--- Records for the task ---
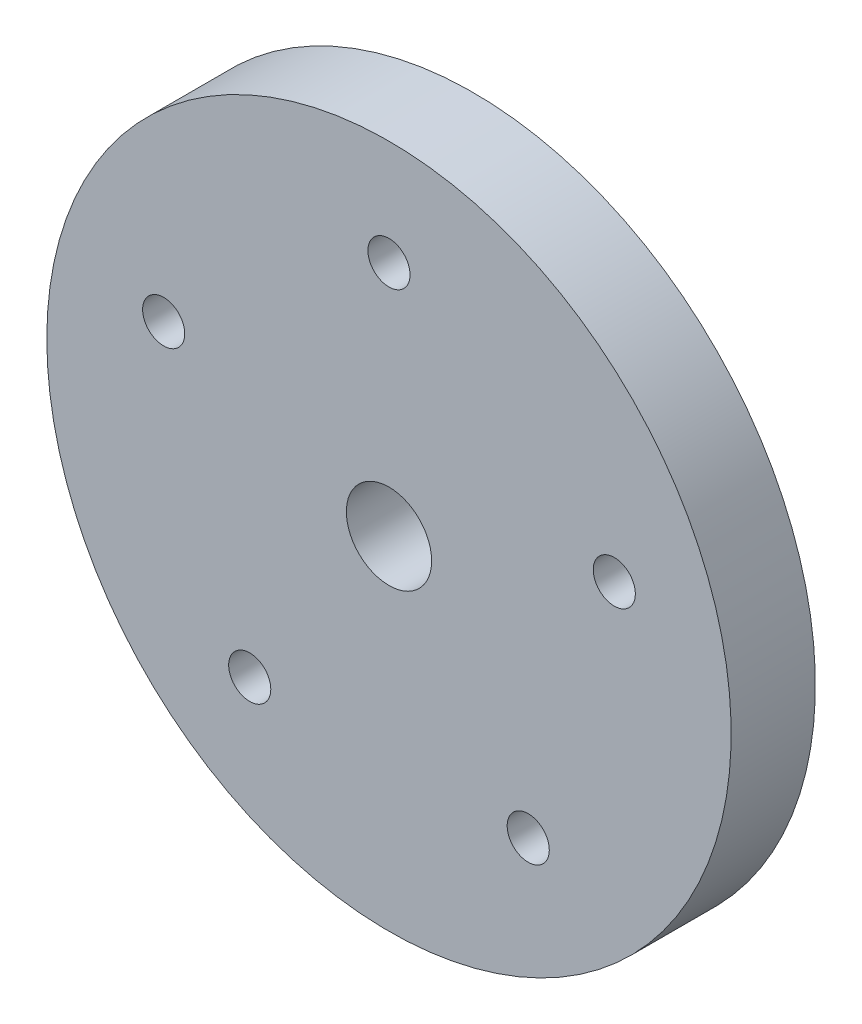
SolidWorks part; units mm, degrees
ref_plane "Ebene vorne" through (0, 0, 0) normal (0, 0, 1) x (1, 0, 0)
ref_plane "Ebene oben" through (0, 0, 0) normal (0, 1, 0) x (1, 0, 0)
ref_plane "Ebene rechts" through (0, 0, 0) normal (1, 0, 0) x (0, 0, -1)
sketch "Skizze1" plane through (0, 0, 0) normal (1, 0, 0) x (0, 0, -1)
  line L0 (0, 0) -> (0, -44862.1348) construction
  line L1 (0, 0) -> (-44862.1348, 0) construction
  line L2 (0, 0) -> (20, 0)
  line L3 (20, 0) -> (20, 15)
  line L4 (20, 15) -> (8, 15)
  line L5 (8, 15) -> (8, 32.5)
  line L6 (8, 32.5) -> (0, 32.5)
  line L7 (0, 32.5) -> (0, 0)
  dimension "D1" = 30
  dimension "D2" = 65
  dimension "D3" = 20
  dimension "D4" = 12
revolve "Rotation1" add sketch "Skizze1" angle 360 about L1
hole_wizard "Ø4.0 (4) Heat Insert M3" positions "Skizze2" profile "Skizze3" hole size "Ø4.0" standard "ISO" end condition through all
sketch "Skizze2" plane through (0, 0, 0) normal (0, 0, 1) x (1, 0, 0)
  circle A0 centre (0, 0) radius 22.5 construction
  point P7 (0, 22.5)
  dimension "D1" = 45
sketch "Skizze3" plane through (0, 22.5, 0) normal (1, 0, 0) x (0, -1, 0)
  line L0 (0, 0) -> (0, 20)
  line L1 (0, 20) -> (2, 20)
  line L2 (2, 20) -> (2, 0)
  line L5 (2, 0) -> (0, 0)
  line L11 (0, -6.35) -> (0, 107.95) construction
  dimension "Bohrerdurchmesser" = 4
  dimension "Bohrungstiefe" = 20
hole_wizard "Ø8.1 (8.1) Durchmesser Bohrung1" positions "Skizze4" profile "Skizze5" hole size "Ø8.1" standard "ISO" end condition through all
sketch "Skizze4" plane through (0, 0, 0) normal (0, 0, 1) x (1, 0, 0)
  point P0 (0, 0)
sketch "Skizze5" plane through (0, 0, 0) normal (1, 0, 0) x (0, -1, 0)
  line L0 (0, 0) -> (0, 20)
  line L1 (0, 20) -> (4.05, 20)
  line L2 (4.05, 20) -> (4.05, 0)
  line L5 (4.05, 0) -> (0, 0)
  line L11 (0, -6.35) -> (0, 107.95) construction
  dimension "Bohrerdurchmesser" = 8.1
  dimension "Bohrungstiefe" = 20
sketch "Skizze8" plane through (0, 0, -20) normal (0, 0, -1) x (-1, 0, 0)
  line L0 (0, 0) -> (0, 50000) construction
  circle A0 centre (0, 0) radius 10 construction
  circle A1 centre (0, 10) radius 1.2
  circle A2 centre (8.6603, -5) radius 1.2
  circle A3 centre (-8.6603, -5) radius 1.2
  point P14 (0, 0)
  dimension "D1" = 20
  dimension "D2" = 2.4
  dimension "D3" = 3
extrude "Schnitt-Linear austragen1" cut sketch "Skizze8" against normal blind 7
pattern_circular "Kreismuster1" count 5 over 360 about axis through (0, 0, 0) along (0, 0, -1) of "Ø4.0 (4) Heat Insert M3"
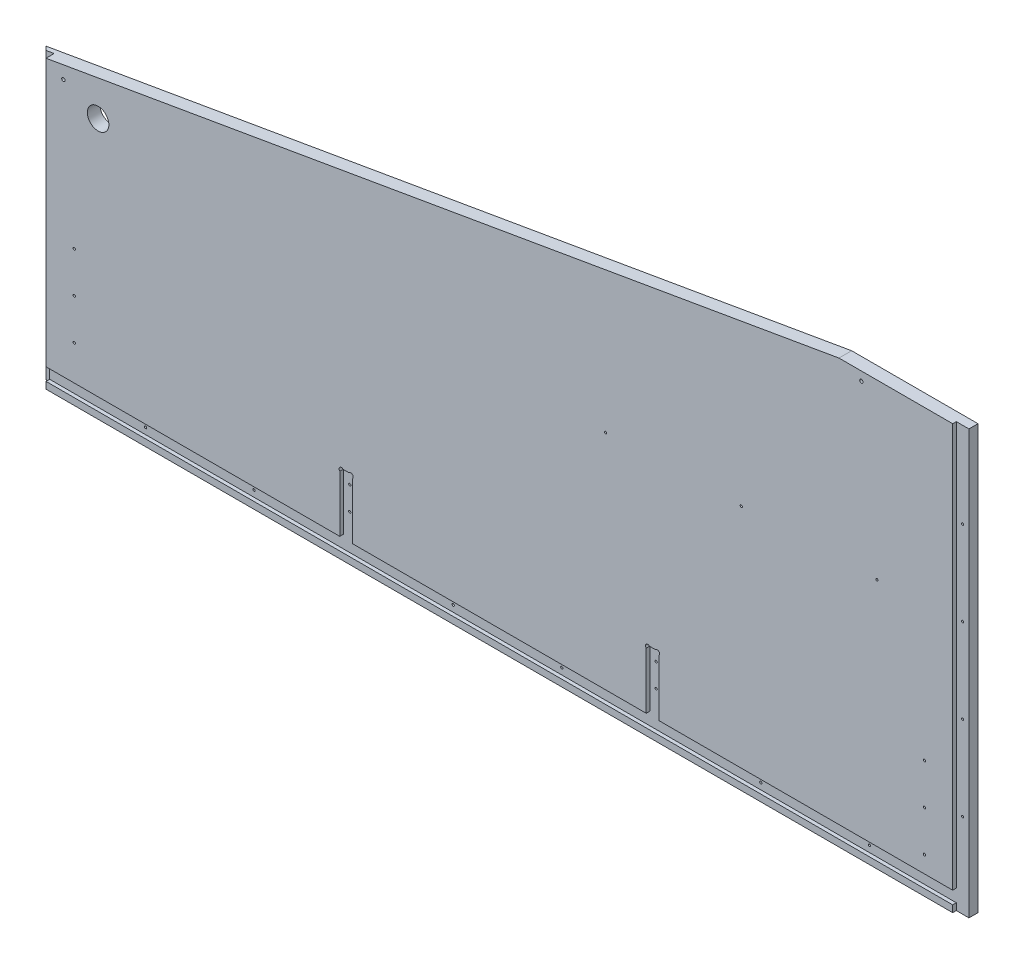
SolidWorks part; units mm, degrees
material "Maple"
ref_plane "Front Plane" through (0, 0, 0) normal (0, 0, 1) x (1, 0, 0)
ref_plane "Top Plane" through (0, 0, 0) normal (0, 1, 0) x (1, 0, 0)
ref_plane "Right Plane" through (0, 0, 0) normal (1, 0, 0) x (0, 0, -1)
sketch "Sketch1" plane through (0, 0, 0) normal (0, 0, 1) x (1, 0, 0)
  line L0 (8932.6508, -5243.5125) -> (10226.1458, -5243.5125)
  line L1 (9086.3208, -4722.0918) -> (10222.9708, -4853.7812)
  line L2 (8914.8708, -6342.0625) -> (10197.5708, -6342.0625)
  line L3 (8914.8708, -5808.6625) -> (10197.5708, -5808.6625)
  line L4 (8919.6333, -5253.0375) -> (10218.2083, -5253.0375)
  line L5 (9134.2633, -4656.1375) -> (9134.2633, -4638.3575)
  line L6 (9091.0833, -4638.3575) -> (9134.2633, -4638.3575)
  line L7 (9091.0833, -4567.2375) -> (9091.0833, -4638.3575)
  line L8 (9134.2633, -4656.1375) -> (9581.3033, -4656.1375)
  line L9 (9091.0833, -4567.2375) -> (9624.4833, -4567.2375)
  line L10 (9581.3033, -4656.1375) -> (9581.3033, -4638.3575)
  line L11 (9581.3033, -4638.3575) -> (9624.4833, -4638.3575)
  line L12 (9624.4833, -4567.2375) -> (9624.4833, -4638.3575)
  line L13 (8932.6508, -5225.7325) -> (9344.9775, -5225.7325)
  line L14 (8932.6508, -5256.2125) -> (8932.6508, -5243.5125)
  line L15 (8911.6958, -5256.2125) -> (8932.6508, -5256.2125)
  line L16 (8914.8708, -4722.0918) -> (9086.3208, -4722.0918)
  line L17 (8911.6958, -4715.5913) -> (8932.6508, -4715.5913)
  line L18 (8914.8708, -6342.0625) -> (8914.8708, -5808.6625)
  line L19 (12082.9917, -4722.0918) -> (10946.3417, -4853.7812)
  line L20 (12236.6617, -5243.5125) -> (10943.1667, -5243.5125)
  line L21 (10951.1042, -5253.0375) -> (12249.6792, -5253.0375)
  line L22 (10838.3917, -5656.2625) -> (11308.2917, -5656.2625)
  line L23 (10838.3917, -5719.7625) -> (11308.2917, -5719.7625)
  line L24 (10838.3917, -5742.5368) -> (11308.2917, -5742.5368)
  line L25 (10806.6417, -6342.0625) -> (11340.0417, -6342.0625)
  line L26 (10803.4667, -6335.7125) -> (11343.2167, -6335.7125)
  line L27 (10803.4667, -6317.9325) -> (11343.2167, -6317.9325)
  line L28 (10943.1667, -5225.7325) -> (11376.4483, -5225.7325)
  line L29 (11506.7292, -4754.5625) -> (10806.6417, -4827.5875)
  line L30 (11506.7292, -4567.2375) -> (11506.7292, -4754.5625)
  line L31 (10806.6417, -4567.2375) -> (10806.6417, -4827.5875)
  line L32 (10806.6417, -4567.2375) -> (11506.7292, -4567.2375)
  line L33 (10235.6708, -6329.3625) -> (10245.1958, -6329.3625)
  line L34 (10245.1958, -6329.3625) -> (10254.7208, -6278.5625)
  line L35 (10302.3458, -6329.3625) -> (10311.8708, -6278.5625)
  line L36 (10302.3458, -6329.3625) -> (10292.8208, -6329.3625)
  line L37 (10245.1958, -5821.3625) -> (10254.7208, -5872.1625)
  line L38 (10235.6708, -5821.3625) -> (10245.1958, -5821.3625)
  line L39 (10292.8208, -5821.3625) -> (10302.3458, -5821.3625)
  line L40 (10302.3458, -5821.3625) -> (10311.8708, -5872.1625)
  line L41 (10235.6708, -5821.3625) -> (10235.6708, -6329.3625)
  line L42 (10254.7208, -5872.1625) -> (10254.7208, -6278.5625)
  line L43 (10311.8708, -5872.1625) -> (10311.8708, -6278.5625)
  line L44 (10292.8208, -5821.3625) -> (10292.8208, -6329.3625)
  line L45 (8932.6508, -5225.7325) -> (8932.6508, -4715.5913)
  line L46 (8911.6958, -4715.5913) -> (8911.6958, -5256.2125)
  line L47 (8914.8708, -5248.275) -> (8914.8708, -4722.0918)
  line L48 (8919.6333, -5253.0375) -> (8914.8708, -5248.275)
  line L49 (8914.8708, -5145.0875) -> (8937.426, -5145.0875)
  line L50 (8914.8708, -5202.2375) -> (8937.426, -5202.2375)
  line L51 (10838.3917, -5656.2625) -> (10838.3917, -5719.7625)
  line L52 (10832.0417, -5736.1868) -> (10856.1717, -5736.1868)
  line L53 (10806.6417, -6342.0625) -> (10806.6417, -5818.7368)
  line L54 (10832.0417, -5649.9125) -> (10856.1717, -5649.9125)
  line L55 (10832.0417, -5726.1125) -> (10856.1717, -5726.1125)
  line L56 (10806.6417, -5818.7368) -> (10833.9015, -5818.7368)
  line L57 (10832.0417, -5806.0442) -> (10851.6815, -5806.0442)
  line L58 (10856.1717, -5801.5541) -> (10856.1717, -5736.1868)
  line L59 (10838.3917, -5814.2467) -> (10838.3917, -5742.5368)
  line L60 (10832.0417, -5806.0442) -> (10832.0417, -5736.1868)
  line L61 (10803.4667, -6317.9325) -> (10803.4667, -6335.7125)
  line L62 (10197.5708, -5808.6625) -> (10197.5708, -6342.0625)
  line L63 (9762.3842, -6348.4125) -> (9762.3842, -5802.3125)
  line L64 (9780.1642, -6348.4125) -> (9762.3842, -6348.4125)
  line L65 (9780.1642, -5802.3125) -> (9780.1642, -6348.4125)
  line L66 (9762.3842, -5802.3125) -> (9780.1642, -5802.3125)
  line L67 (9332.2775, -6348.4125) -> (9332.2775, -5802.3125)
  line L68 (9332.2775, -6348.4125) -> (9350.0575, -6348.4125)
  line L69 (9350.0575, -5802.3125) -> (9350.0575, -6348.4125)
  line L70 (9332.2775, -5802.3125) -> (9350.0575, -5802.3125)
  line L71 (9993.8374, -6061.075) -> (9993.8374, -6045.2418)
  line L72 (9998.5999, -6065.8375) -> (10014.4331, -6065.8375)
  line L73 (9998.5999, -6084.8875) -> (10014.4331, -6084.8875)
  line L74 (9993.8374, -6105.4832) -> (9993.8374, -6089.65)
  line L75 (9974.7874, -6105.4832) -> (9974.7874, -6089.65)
---
Task requirements:
Go through the entries and filter for lines holding the word "positions"; copy each match.

Reply:
hole_wizard "Ø4.0 (4) Heat Insert M3" positions "Skizze2" profile "Skizze3" hole size "Ø4.0" standard "ISO" end condition through all
hole_wizard "Ø8.1 (8.1) Durchmesser Bohrung1" positions "Skizze4" profile "Skizze5" hole size "Ø8.1" standard "ISO" end condition through all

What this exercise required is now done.